Among the newest trends in higher education are massive open online courses, or MOOCs. MOOCs are free online course anyone can take.
Whether you’re a college student or a graduate, you may be interested in this increasingly popular way to learn.
The History of Free Online Courses
One of the first schools to offer massive open online courses was Stanford University. The school presented three free online courses in 2011, and each one attracted more than 100,000 people. Students of all ages were suddenly clamoring to take classes from prestigious colleges without having to meet strict academic requirements or pay tuition.
After seeing the incredible popularity of MOOCs, several other schools soon followed suit.

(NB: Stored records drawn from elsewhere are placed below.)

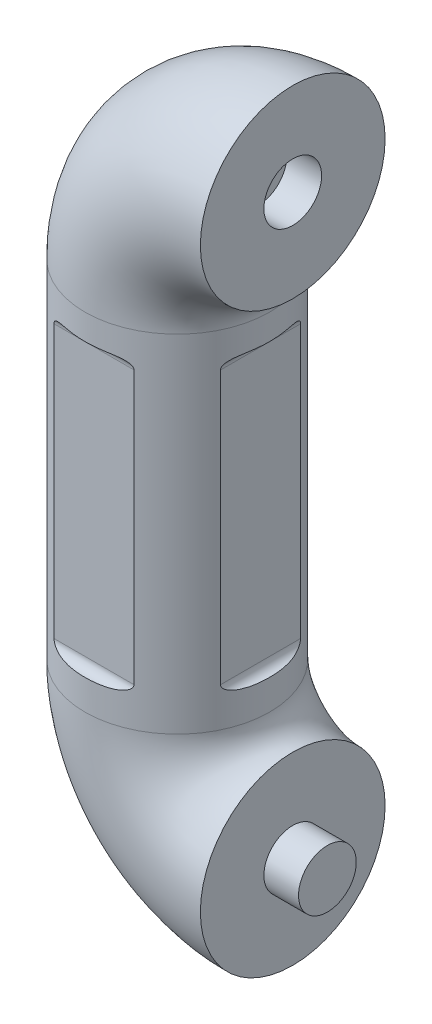
from build123d import *

# Parameters (mm, degrees)
SWEEP1_PROFILE_R    = 80
SKETCH6_R           = 25
CUT_EXTRUDE1_DEPTH  = 30
SKETCH7_R           = 25
BOSS_EXTRUDE1_DEPTH = 30
CUT_EXTRUDE2_START  = -100
SKETCH8_R           = 50
SKETCH8_R_2         = 45
SKETCH8_R_3         = 35
SKETCH8_R_4         = 25
CUT_EXTRUDE2_DEPTH  = 513.535713382
CUT_EXTRUDE3_DEPTH  = 616.548535999
CIRPATTERN1_COUNT   = 4


with BuildPart() as part:
    # Sweep1: sweep along a path in Sketch1
    with BuildLine(Plane.XY) as sweep1_path:
        ThreePointArc((-10, 500), (-80.710678119, 470.710678119), (-110, 400))
        Line((-110, 400), (-110, 100))
        ThreePointArc((-110, 100), (-80.710678119, 29.289321881), (-10, 0))
    # Sweep1 profile (on start of the path) → Sweep1 (sweep)
    with BuildSketch(Plane(origin=(-10, 500, 0), x_dir=(0, -1, 0), z_dir=(-1, 0, 0))):
        Circle(SWEEP1_PROFILE_R)
    sweep(path=sweep1_path.line)

    # Sketch6 → Cut-Extrude1 (cut)
    with BuildSketch(Plane(origin=(-10, 0, 0), x_dir=(0, 0, -1), z_dir=(1, 0, 0))):
        with Locations(Location((0, 500, 0), (0, 0, 90))):
            Circle(SKETCH6_R)
    extrude(amount=-CUT_EXTRUDE1_DEPTH, mode=Mode.SUBTRACT)

    # Sketch7 → Boss-Extrude1 (add)
    with BuildSketch(Plane(origin=(-10, 0, 0), x_dir=(0, 0, -1), z_dir=(1, 0, 0))):
        with Locations(Location((0, 0, 0), (0, 0, 90))):
            Circle(SKETCH7_R)
    extrude(amount=BOSS_EXTRUDE1_DEPTH)

    # Sketch8 → Cut-Extrude2 (cut, through all)
    # profile 1 of 2: a face of its own
    with BuildSketch(Plane(origin=(-10, 0, 0), x_dir=(0, 0, -1), z_dir=(1, 0, 0)).offset(CUT_EXTRUDE2_START)):
        Circle(SKETCH8_R)
        with Locations(Location((0, 0, 0), (0, 0, 90))):
            Circle(SKETCH8_R_2, mode=Mode.SUBTRACT)
    # profile 2 of 2: a face of its own
    with BuildSketch(Plane(origin=(-10, 0, 0), x_dir=(0, 0, -1), z_dir=(1, 0, 0)).offset(CUT_EXTRUDE2_START)):
        with Locations(Location((0, 0, 0), (0, 0, 90))):
            Circle(SKETCH8_R_3)
        with Locations(Location((0, 0, 0), (0, 0, 90))):
            Circle(SKETCH8_R_4, mode=Mode.SUBTRACT)
    extrude(amount=-CUT_EXTRUDE2_DEPTH, mode=Mode.SUBTRACT)

    # Sketch9 → Cut-Extrude3 (cut, symmetric)
    with BuildSketch(Plane.XY):
        with BuildLine():
            Line((-182.109789054, 370), (-182.109789054, 133.943692936))
            ThreePointArc((-182.109789054, 133.943692936), (-190, 126.053481991), (-197.890210946, 133.943692936))
            Line((-197.890210946, 133.943692936), (-197.890210946, 370))
            ThreePointArc((-197.890210946, 370), (-190, 377.890210946), (-182.109789054, 370))
        make_face()
    cut_extrude3 = extrude(amount=CUT_EXTRUDE3_DEPTH, both=True, mode=Mode.SUBTRACT)

    # CirPattern1: Cut-Extrude3 ×4 about axis
    cirpattern1_axis = Axis((-110, 0, 0), (0, 1, 0))
    for i in range(1, CIRPATTERN1_COUNT):
        add(cut_extrude3.rotate(cirpattern1_axis, i * 360 / CIRPATTERN1_COUNT), mode=Mode.SUBTRACT)


solid = part.part
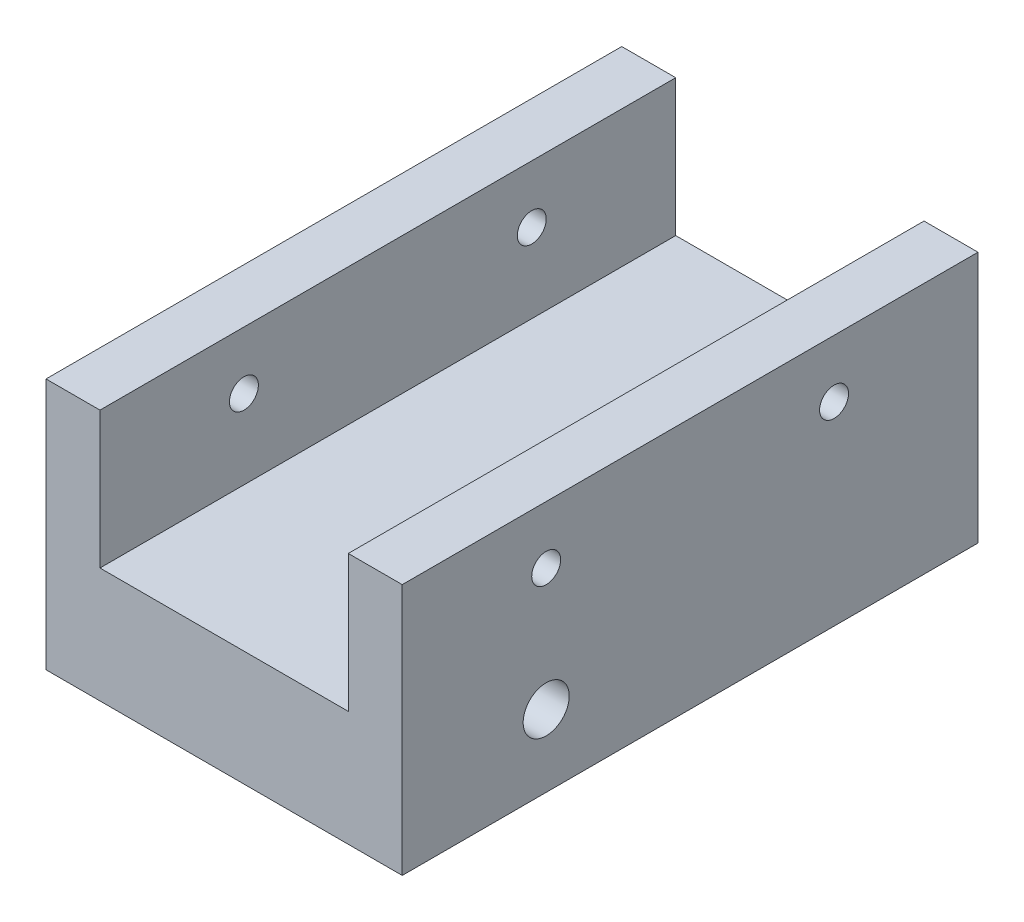
from build123d import *

# Parameters (mm, degrees)
BOSS_EXTRUDE1_DEPTH        = 101.6
F_7_0_201_DIAMETER_HOLE1_D = 5.1054
SKETCH5_R                  = 4.064
CUT_EXTRUDE2_DEPTH         = 128.476941935
SKETCH9_R                  = 3.81
CUT_EXTRUDE3_DEPTH         = 38.1


with BuildPart() as part:
    # Sketch1 → Boss-Extrude1 (new body)
    with BuildSketch(Plane.XY):
        Polygon((0, 0), (62.865, 0), (62.865, 44.45), (53.34, 44.45), (53.34, 20.32), (9.525, 20.32), (9.525, 44.45), (0, 44.45), align=None)
    extrude(amount=BOSS_EXTRUDE1_DEPTH)

    # #7 (0.201) Diameter Hole1 (through all)
    with Locations(Plane.ZY):
        with Locations((25.4, 34.29), (76.2, 34.29)):
            Hole(F_7_0_201_DIAMETER_HOLE1_D / 2)

    # Sketch5 → Cut-Extrude2 (cut, through all)
    with BuildSketch(Plane.ZY):
        with Locations((76.2, 12.7)):
            Circle(SKETCH5_R)
    extrude(amount=-CUT_EXTRUDE2_DEPTH, mode=Mode.SUBTRACT)

    # Sketch9 → Cut-Extrude3 (cut)
    with BuildSketch(Plane(origin=(0, 0, 0), x_dir=(-1, 0, 0), z_dir=(0, 0, -1))):
        with Locations((-31.4325, 12.7)):
            Circle(SKETCH9_R)
    extrude(amount=-CUT_EXTRUDE3_DEPTH, mode=Mode.SUBTRACT)


solid = part.part

The next academic institutions to offer massive open online courses included Ivy League schools like Princeton University and the University of Pennsylvania.
These days, the list is growing and includes the University of Michigan, MIT, and Georgetown, to name just a few schools offering free online courses.
How MOOCs Work
If you have ever taken online college classes from your school, you have an idea of how free online courses work. Usually there is a video lecture you can watch at your leisure, and then you may be quizzed on the material. There is often also a forum that you can use to talk to other students about what you are learning.
In most cases, you do not get college credit when you take massive open online courses. However, you do get a certificate of completion that may impress future employers who see that you have advanced your knowledge of a particular subject.
Furthermore, some schools are working on allowing college credit for free online courses, but it may take years for this to be official. Plus, there may be a small fee to take the standardized test this would likely require, and you’ll have to pay to send your transcript to the school of your choice.
Pros and Cons of Massive Open Online Courses
The clear benefit of MOOCs is that they are free. If you do not have thousands of dollars to spend per year for higher education, and you cannot obtain the financial aid you need, a free option may be very appealing.
Plus, massive open online courses provide the same flexibility as online classes you would find at most colleges, which is great for busy schedules. But unlike traditional online courses, you do not have to be a student at a university to take MOOCs. This means you benefit from the prestige of taking courses from renowned schools without having to meet the stringent standards first.
Of course, if you are looking to get enough credits for a college degree when you take massive open online courses, you will be disappointed. Even if this is possible in the future, it will likely take years for the majority of colleges to offer credit to students in free online courses, and it could take the same amount of time for most schools to accept these credits from applicants.
In general, massive open online courses may be right for you when you are interested in a particular subject but lack the money to pay for a traditional college class. You can take MOOCs in tandem with your regular college coursework, or you may decide to take them to stimulate your brain as you start applying to colleges or jobs. The choice is yours.